The issues didn’t end post-surgery – Adine found herself fainting afterwards, something she put down to possible concussion.

“That was not ideal to have a neck brace on and you are fainting,” she says in her characteristically understated manner.

Asked how she coped after the fall, she says she recovered well and life has mostly gone on as usual, albeit a few things she avoids now.

“I certainly don’t like getting on ladders now. I don’t even like standing on a chair.”

It’s meant that her latest task – cleaning out the attic – has been a family mission and one that started over lockdown.

“I have not gone into the attic once – Jeff passes the boxes down to me!” smiles Adine. “We literally have boxes from when we moved to Auckland. There is memorabilia and things that have never been unwrapped, and it’s actually embarrassing that we have not gone through it.

“Harper was going through stuff and went, ‘Mum, is this a Halberg?’ I was like, ‘Yes, that’s a Halberg award and it probably shouldn’t be sitting in a box gathering dust!'”

It’s been an eye-opener for Lincoln and Harper.

“Both our grandparents were amazing at cutting out articles, so we’ve just got stacks of old articles and so many old videos. We found an old video player, so we have been showing the boys some of the old footage.”

And there’s a mission behind the treasure hunt – each time she opens a box, she’s hoping there will be a glint of gold. When she and Jeff moved their belongings to Auckland in 2009, Adine lost something very special to her.

“I had moved to Invercargill for one more season with the Southern Steel and Jeff moved up to get settled, and so we didn’t unpack everything until about a year later. It was then I realised I had lost my gold medal from the Commonwealth Games in Melbourne,” she says with a sharp intake of breath.

“I’m so embarrassed – I’ve looked and looked over the years and it’s never turned up, so every time we go through boxes or open a box, I go, ‘Please be in here’, but no luck so far.”

The attic cleaning was spurred on by Covid and like many, it’s also sparked a change in priorities for the Wilson family. After spending more time with her family in lockdown, Adine wanted that to carry on. That has meant pushing pause on her career as a commercial lawyer.
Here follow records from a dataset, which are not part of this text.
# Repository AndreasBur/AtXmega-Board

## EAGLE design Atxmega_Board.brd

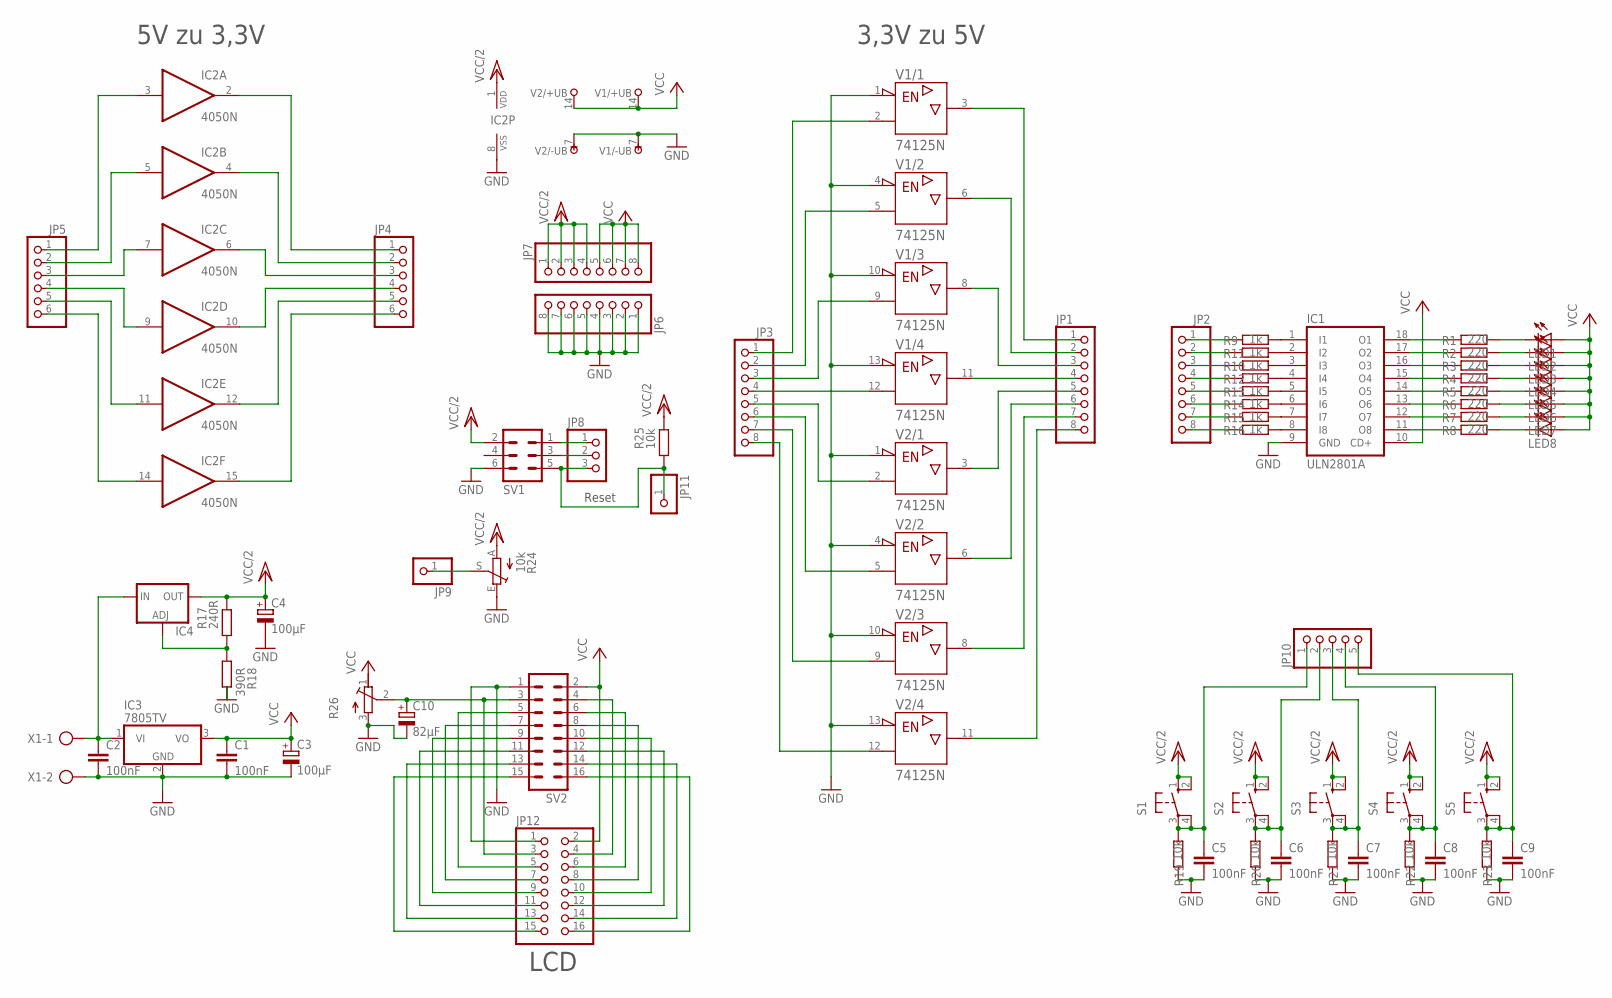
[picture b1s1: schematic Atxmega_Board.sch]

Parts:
C1, C2, C5, C6, C7, C8, C9: 100nF; C025_050-025X075
C3, C4: 100µF; E2,5-7
C10: 82µF; E2,5-7
IC1: ULN2801A; DIL18
IC2: 4050N; DIL16
IC3: 7805TV; TO220V
IC4: LM317TS; 317TS
JP1, JP2, JP3, JP6, JP7: PINHD-1X8; 1X08
JP4, JP5: PINHD-1X6; 1X06
JP8: PINHD-1X3; 1X03
JP9, JP11: PINHD-1X1; 1X01
JP10: PINHD-1X5; 1X05
JP12: PINHD-2X8; 2X08
LED1, LED2, LED3, LED4, LED5, LED6, LED7, LED8: LED5MM
R1, R2, R3, R4, R5, R6, R7, R8: 220; 0207/10
R9, R10, R11, R12, R13, R14, R15, R16: 1k; 0207/10
R17: 240R; 0207/10
R18: 390R; 0207/10
R19, R20, R21, R22, R23, R25: 10k; 0207/10
R24: 10k; ST15
R26: R-TRIMM3006P; RTRIM3006P
S1, S2, S3, S4, S5: 10-XX; B3F-10XX
SV1: ML6
SV2: ML16
V1, V2: 74125N; DIL14
X1: AK500/2

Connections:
GND: C1.2, C2.2, C3.-, C4.-, C5.2, C6.2, C7.2, C8.2, C9.2, C10.-, IC1.9 (GND), IC2.8 (VSS), IC3.2 (GND), JP6.1, JP6.2, JP6.3, JP6.4, JP6.5, JP6.6, JP6.7, JP6.8, JP12.1, R18.2, R19.1, R20.1, R21.1, R22.1, R23.1, R24.E, R26.3 (E), SV1.6, SV2.1, V1.1 (!G), V1.4 (!G), V1.7 (-UB), V1.10 (!G), V1.13 (!G), V2.1 (!G), V2.4 (!G), V2.7 (-UB), V2.10 (!G), V2.13 (!G), X1.2
unnamed: LED1.K (C), R1.2
unnamed: IC1.1 (I1), R9.2
unnamed: JP1.3, V1.8 (Y)
unnamed: JP1.2, V1.6 (Y)
unnamed: JP1.1, V1.3 (Y)
unnamed: JP1.5, V2.3 (Y)
unnamed: JP1.6, V2.6 (Y)
unnamed: JP1.7, V2.8 (Y)
unnamed: JP1.8, V2.11 (Y)
unnamed: IC1.18 (O1), R1.1
unnamed: IC1.17 (O2), R2.1
unnamed: IC1.16 (O3), R3.1
unnamed: IC1.15 (O4), R4.1
unnamed: IC1.14 (O5), R5.1
unnamed: IC1.13 (O6), R6.1
unnamed: IC1.12 (O7), R7.1
unnamed: IC1.11 (O8), R8.1
unnamed: LED2.K (C), R2.2
unnamed: LED3.K (C), R3.2
unnamed: LED4.K (C), R4.2
unnamed: LED5.K (C), R5.2
unnamed: LED6.K (C), R6.2
unnamed: LED7.K (C), R7.2
unnamed: LED8.K (C), R8.2
unnamed: JP8.1, SV1.1
unnamed: IC1.3 (I3), R10.2
unnamed: IC1.2 (I2), R11.2
unnamed: IC1.4 (I4), R12.2
unnamed: IC1.5 (I5), R13.2
unnamed: IC1.6 (I6), R14.2
unnamed: IC1.7 (I7), R15.2
unnamed: IC1.8 (I8), R16.2
unnamed: JP1.4, V1.11 (Y)
unnamed: JP2.1, R9.1
unnamed: JP2.2, R11.1
unnamed: JP2.3, R10.1
unnamed: JP2.4, R12.1
unnamed: JP2.5, R13.1
unnamed: JP2.6, R14.1
unnamed: JP2.7, R15.1
unnamed: JP2.8, R16.1
unnamed: JP3.4, V1.12 (A)
unnamed: JP3.5, V2.2 (A)
unnamed: JP3.6, V2.5 (A)
unnamed: JP3.7, V2.9 (A)
unnamed: JP3.8, V2.12 (A)
unnamed: JP3.3, V1.9 (A)
unnamed: JP3.2, V1.5 (A)
unnamed: JP3.1, V1.2 (A)
unnamed: IC2.6 (O), JP4.3
unnamed: IC2.10 (O), JP4.4
unnamed: IC2.4 (O), JP4.2
unnamed: IC2.2 (O), JP4.1
unnamed: IC2.12 (O), JP4.5
unnamed: IC2.15 (O), JP4.6
unnamed: IC2.7 (I), JP5.3
unnamed: IC2.9 (I), JP5.4
unnamed: IC2.5 (I), JP5.2
unnamed: IC2.3 (I), JP5.1
unnamed: IC2.11 (I), JP5.5
unnamed: IC2.14 (I), JP5.6
unnamed: IC4.1 (ADJ), R17.1, R18.1
unnamed: C2.1, IC3.1 (VI), IC4.3 (IN), X1.1
unnamed: C5.1, JP10.1, R19.2, S1.3, S1.4 (P1)
unnamed: C6.1, JP10.2, R20.2, S2.3, S2.4 (P1)
unnamed: C7.1, JP10.3, R21.2, S3.3, S3.4 (P1)
unnamed: C8.1, JP10.4, R22.2, S4.3, S4.4 (P1)
unnamed: C9.1, JP10.5, R23.2, S5.3, S5.4 (P1)
unnamed: JP8.2, SV1.3
unnamed: JP9.1, R24.S
unnamed: JP8.3, JP11.1, R25.1, SV1.5
unnamed: C10.+, JP12.3, R26.2 (S), SV2.3
unnamed: JP12.5, SV2.5
unnamed: JP12.7, SV2.7
unnamed: JP12.9, SV2.9
unnamed: JP12.11, SV2.11
unnamed: JP12.13, SV2.13
unnamed: JP12.15, SV2.15
unnamed: JP12.4, SV2.4
unnamed: JP12.6, SV2.6
unnamed: JP12.8, SV2.8
unnamed: JP12.10, SV2.10
unnamed: JP12.12, SV2.12
unnamed: JP12.14, SV2.14
unnamed: JP12.16, SV2.16
VCC: C1.1, C3.+, IC1.10 (CD+), IC3.3 (VO), JP7.5, JP7.6, JP7.7, JP7.8, JP12.2, LED1.A, LED2.A, LED3.A, LED4.A, LED5.A, LED6.A, LED7.A, LED8.A, R26.1 (A), SV2.2, V1.14 (+UB), V2.14 (+UB)
VCC/2: C4.+, IC2.1 (VDD), IC4.2 (OUT), JP7.1, JP7.2, JP7.3, JP7.4, R17.2, R24.A, R25.2, S1.1 (S), S1.2 (S1), S2.1 (S), S2.2 (S1), S3.1 (S), S3.2 (S1), S4.1 (S), S4.2 (S1), S5.1 (S), S5.2 (S1), SV1.2

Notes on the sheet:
Reset
3,3V zu 5V
5V zu 3,3V
LCD

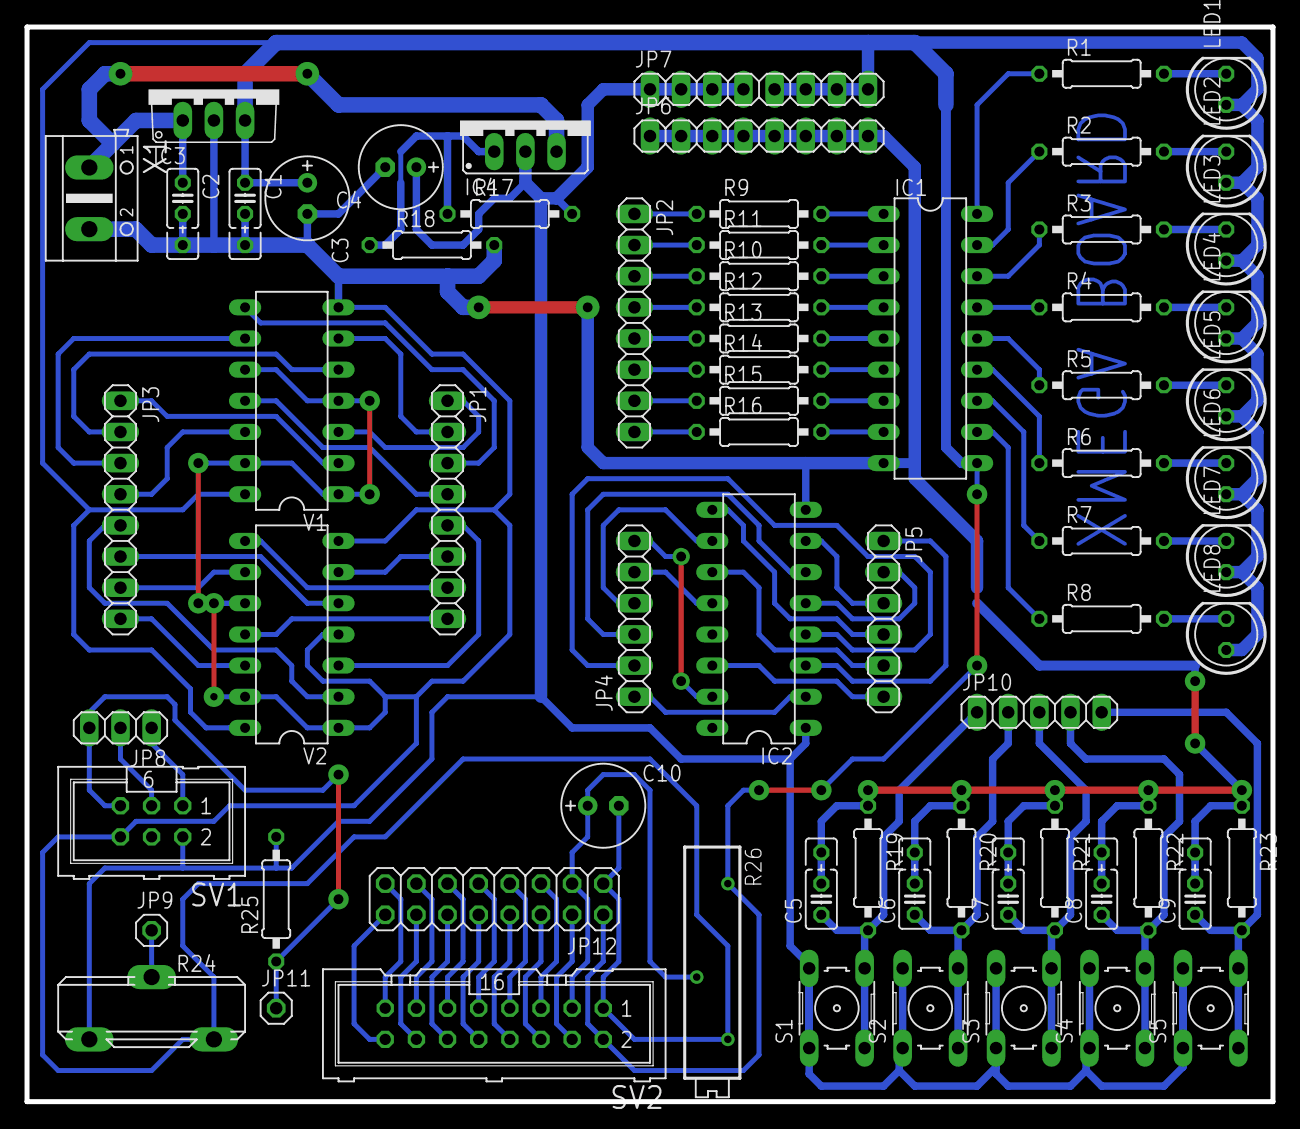
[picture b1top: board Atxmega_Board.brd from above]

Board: 2 copper layers, 101.6 x 87.6 mm, 70 parts (0 on the bottom side), 88 nets.

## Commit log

2016-11-23 added xmega board layout

“Just like everybody, Covid just really makes you think about where your priorities lie. The kids are both at intermediate this year and while we are still going to need to be taxi drivers for a long time, this is my last chance to go on school camps with them and help out at sports days. I want the opportunity to do those things.”

It’s unlikely that she will be bored. She’s a netball commentator, is on a number of boards for netball and is also an ambassador for Melanoma New Zealand, spreading the word about being sun smart and regularly checking your skin, following her own scare at 25.

Jeff and Adine were married in 2004, and so are coming up to 17 years of marriage. Asked what the secret has been to their happy partnership, Adine says independence – from each other and from the children.

“We have always made an effort to have time for just the two of us,” she explains. “We love our children dearly, but we are very fortunate that our parents at different times have offered to have the kids so we can have holidays away, even if it’s just for a couple of nights.

“We are also very supportive of each other being individuals. So, Jeff goes off with his mates and plays basketball, and I go away and play too, so we’re not in each other’s pockets all the time. I think that’s a big part of it.”